Two days ago I clicked on a photo and my mouth started watering.

Over carrots.

Roasted Carrots with Lentils and Sunflower Seeds

Roasted Carrots with Lentils and Sunflower Seeds

I was visiting one of my usual favorite blogger’s site, Eat’s Well with Others, and came across a roasted carrot recipe with walnuts.  Of course I LOVE walnuts but my daughter is very allergic to them so I needed an alternative.

Roasted Carrots with Lentils and Sunflower Seeds

Roasted Carrots with Lentils and Sunflower Seeds

I had sunflower seeds and dates on hand so I decided to add those instead.

Olive oil
Sunflower Seeds

Doesn’t that sound good?

This dish is so satisfying – a bit of coarse sea salt and sweet agave pump up the volume when paired with the aromatic cumin. I used canned lentils here for time’s sake but please feel free to cook your own if you have time! Want some more recipes? My friend Janet at Taste Space is the queen of lentils, grains and gorgeous whole food dishes and my friend Cara has tons of delicious carrot recipes at Caras Cravings!

What is so great about lentils is that they have TONS of belly filling fiber that also stabilizes blood sugar for very little calories and fat. Excellent diet food? I say yes! Now imagine if you sprinkled a little Mila on top….like I did.  Now it’s a SUPER food!

These gorgeous carrots are from KyV Farm – Support local farms!

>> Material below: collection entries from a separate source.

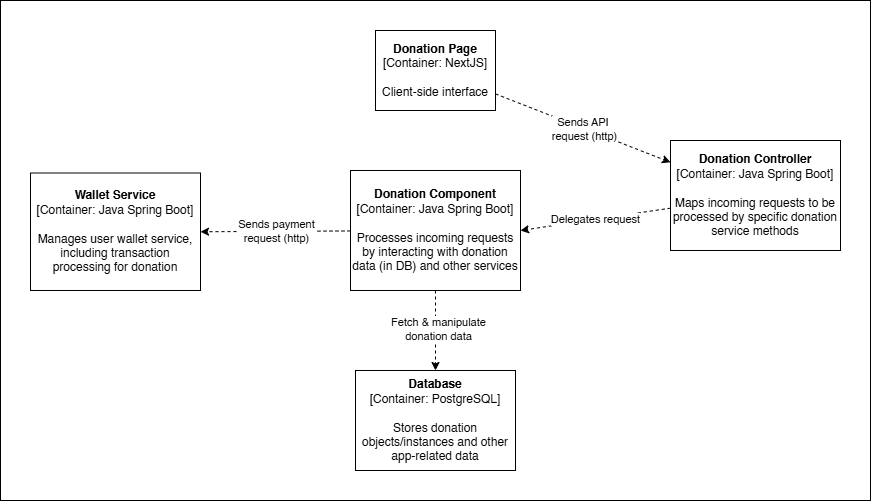

The diagram above was exported from draw.io. Its source (the exported page's mxGraphModel, read from the mxfile embedded in the PNG):
<mxGraphModel dx="2165" dy="1776" grid="1" gridSize="10" guides="1" tooltips="1" connect="1" arrows="1" fold="1" page="1" pageScale="1" pageWidth="850" pageHeight="1100" math="0" shadow="0">
  <root>
    <mxCell id="0" />
    <mxCell id="1" parent="0" />
    <mxCell id="QSqUwiQ9WMosXiNLxkcx-1" value="" style="rounded=0;whiteSpace=wrap;html=1;fillColor=none;" vertex="1" parent="1">
      <mxGeometry x="-180" y="-20" width="870" height="500" as="geometry" />
    </mxCell>
    <mxCell id="fnlMr5grogAOMEdSNlKg-1" style="rounded=0;orthogonalLoop=1;jettySize=auto;html=1;dashed=1;" parent="1" source="ycWwv_71jWAw5rLDALS0-1" target="ycWwv_71jWAw5rLDALS0-2" edge="1">
      <mxGeometry relative="1" as="geometry" />
    </mxCell>
    <mxCell id="fnlMr5grogAOMEdSNlKg-2" value="Sends API&amp;nbsp;&lt;div&gt;request&amp;nbsp;&lt;span style=&quot;background-color: light-dark(#ffffff, var(--ge-dark-color, #121212)); color: light-dark(rgb(0, 0, 0), rgb(255, 255, 255));&quot;&gt;(http)&lt;/span&gt;&lt;/div&gt;" style="edgeLabel;html=1;align=center;verticalAlign=middle;resizable=0;points=[];" parent="fnlMr5grogAOMEdSNlKg-1" vertex="1" connectable="0">
      <mxGeometry x="0.0024" relative="1" as="geometry">
        <mxPoint as="offset" />
      </mxGeometry>
    </mxCell>
    <mxCell id="ycWwv_71jWAw5rLDALS0-1" value="&lt;b&gt;Donation Page&lt;/b&gt;&lt;div&gt;&lt;font&gt;[Container: NextJS]&lt;/font&gt;&lt;/div&gt;&lt;div&gt;&lt;font&gt;&lt;br&gt;&lt;/font&gt;&lt;/div&gt;&lt;div&gt;Client-side interface&lt;/div&gt;" style="rounded=0;whiteSpace=wrap;html=1;" parent="1" vertex="1">
      <mxGeometry x="195" y="10" width="120" height="80" as="geometry" />
    </mxCell>
    <mxCell id="fnlMr5grogAOMEdSNlKg-3" style="rounded=0;orthogonalLoop=1;jettySize=auto;html=1;entryX=1;entryY=0.5;entryDx=0;entryDy=0;dashed=1;" parent="1" source="ycWwv_71jWAw5rLDALS0-2" target="ycWwv_71jWAw5rLDALS0-3" edge="1">
      <mxGeometry relative="1" as="geometry" />
    </mxCell>
    <mxCell id="fnlMr5grogAOMEdSNlKg-5" value="Delegates request" style="edgeLabel;html=1;align=center;verticalAlign=middle;resizable=0;points=[];" parent="fnlMr5grogAOMEdSNlKg-3" vertex="1" connectable="0">
      <mxGeometry x="0.007" y="-1" relative="1" as="geometry">
        <mxPoint as="offset" />
      </mxGeometry>
    </mxCell>
    <mxCell id="ycWwv_71jWAw5rLDALS0-2" value="&lt;b&gt;Donation Controller&lt;/b&gt;&lt;div&gt;[Container: Java Spring Boot]&lt;/div&gt;&lt;div&gt;&lt;br&gt;&lt;/div&gt;&lt;div&gt;Maps incoming requests to be processed by specific donation service methods&lt;/div&gt;" style="rounded=0;whiteSpace=wrap;html=1;" parent="1" vertex="1">
      <mxGeometry x="490" y="120" width="170" height="110" as="geometry" />
    </mxCell>
    <mxCell id="fnlMr5grogAOMEdSNlKg-6" style="rounded=0;orthogonalLoop=1;jettySize=auto;html=1;dashed=1;" parent="1" source="ycWwv_71jWAw5rLDALS0-3" target="ycWwv_71jWAw5rLDALS0-4" edge="1">
      <mxGeometry relative="1" as="geometry" />
    </mxCell>
    <mxCell id="fnlMr5grogAOMEdSNlKg-7" value="Fetch &amp;amp; manipulate&lt;br&gt;&lt;div&gt;donation data&lt;/div&gt;" style="edgeLabel;html=1;align=center;verticalAlign=middle;resizable=0;points=[];" parent="fnlMr5grogAOMEdSNlKg-6" vertex="1" connectable="0">
      <mxGeometry x="-0.0432" y="2" relative="1" as="geometry">
        <mxPoint as="offset" />
      </mxGeometry>
    </mxCell>
    <mxCell id="bZ8YqdJA-uJhEZTl2lQx-2" style="rounded=0;orthogonalLoop=1;jettySize=auto;html=1;entryX=1;entryY=0.5;entryDx=0;entryDy=0;dashed=1;" parent="1" source="ycWwv_71jWAw5rLDALS0-3" target="bZ8YqdJA-uJhEZTl2lQx-1" edge="1">
      <mxGeometry relative="1" as="geometry" />
    </mxCell>
    <mxCell id="bZ8YqdJA-uJhEZTl2lQx-4" value="Sends payment&lt;div&gt;request&amp;nbsp;&lt;span style=&quot;background-color: light-dark(#ffffff, var(--ge-dark-color, #121212)); color: light-dark(rgb(0, 0, 0), rgb(255, 255, 255));&quot;&gt;(http)&lt;/span&gt;&lt;/div&gt;" style="edgeLabel;html=1;align=center;verticalAlign=middle;resizable=0;points=[];" parent="bZ8YqdJA-uJhEZTl2lQx-2" vertex="1" connectable="0">
      <mxGeometry x="-0.0046" y="-1" relative="1" as="geometry">
        <mxPoint as="offset" />
      </mxGeometry>
    </mxCell>
    <mxCell id="ycWwv_71jWAw5rLDALS0-3" value="&lt;b&gt;Donation Component&lt;/b&gt;&lt;div&gt;&lt;span style=&quot;background-color: transparent; color: light-dark(rgb(0, 0, 0), rgb(255, 255, 255));&quot;&gt;[Container: Java Spring Boot]&lt;/span&gt;&lt;/div&gt;&lt;div&gt;&lt;span style=&quot;background-color: transparent; color: light-dark(rgb(0, 0, 0), rgb(255, 255, 255));&quot;&gt;&lt;br&gt;&lt;/span&gt;&lt;/div&gt;&lt;div&gt;&lt;span style=&quot;background-color: transparent; color: light-dark(rgb(0, 0, 0), rgb(255, 255, 255));&quot;&gt;Processes incoming requests by interacting with donation data (in DB) and other services&lt;/span&gt;&lt;/div&gt;" style="rounded=0;whiteSpace=wrap;html=1;" parent="1" vertex="1">
      <mxGeometry x="170" y="150" width="170" height="120" as="geometry" />
    </mxCell>
    <mxCell id="ycWwv_71jWAw5rLDALS0-4" value="&lt;b&gt;Database&lt;/b&gt;&lt;div&gt;&lt;span style=&quot;background-color: transparent; color: light-dark(rgb(0, 0, 0), rgb(255, 255, 255));&quot;&gt;[Container: PostgreSQL]&lt;/span&gt;&lt;/div&gt;&lt;div&gt;&lt;span style=&quot;background-color: transparent; color: light-dark(rgb(0, 0, 0), rgb(255, 255, 255));&quot;&gt;&lt;br&gt;&lt;/span&gt;&lt;/div&gt;&lt;div&gt;&lt;span style=&quot;background-color: transparent; color: light-dark(rgb(0, 0, 0), rgb(255, 255, 255));&quot;&gt;Stores donation objects/instances and other app-related data&lt;/span&gt;&lt;/div&gt;" style="rounded=0;whiteSpace=wrap;html=1;" parent="1" vertex="1">
      <mxGeometry x="175" y="350" width="160" height="100" as="geometry" />
    </mxCell>
    <mxCell id="bZ8YqdJA-uJhEZTl2lQx-1" value="&lt;b&gt;Wallet Service&lt;/b&gt;&lt;div&gt;[Container: Java Spring Boot]&lt;/div&gt;&lt;div&gt;&lt;br&gt;&lt;/div&gt;&lt;div&gt;Manages user wallet service, including transaction processing for donation&lt;/div&gt;" style="rounded=0;whiteSpace=wrap;html=1;" parent="1" vertex="1">
      <mxGeometry x="-150" y="152.5" width="170" height="117.5" as="geometry" />
    </mxCell>
  </root>
</mxGraphModel>

Roasted Carrots with Lentils and Sunflower Seeds

Roasted Carrots with Lentils and Sunflower Seeds

Roasted Carrots with Lentils and Sunflower Seeds

Altered from Eats Well with Others
Serves about 6 3/4-cup servings
Vegan, Gluten Free
Printable Recipe
**Fresh seasonal ingredients from KyV Farm


1 clove crushed and minced garlic
1/4 tsp coarse sea salt
1 Tbsp apple cider vinegar
1/4 tsp ground cumin
1 Tbsp extra virgin olive oil

Carrots and Lentils
2 lbs fresh organic baby carrots** (or large carrots can be chopped for shorter cook time of about 25 minutes.)
3 garlic cloves, crushed and chopped
2 tsp cumin seeds
1 Tbsp heat stable oil such as avocado oil or vegetable oil
1/2 tsp coarse sea salt
1 15oz can lentils, rinsed and drained (if you have home cooked here, even better)
3/4 cup toasted and lightly salted sunflower seeds
3 medjool dates, pitted and chopped


1. Preheat oven to 400F. Mix carrots, garlic, cumin seeds and oil in a baking dish.  Cover and bake for 20 minutes, stir and uncover for an additional 20 minutes or until carrots are fork tender.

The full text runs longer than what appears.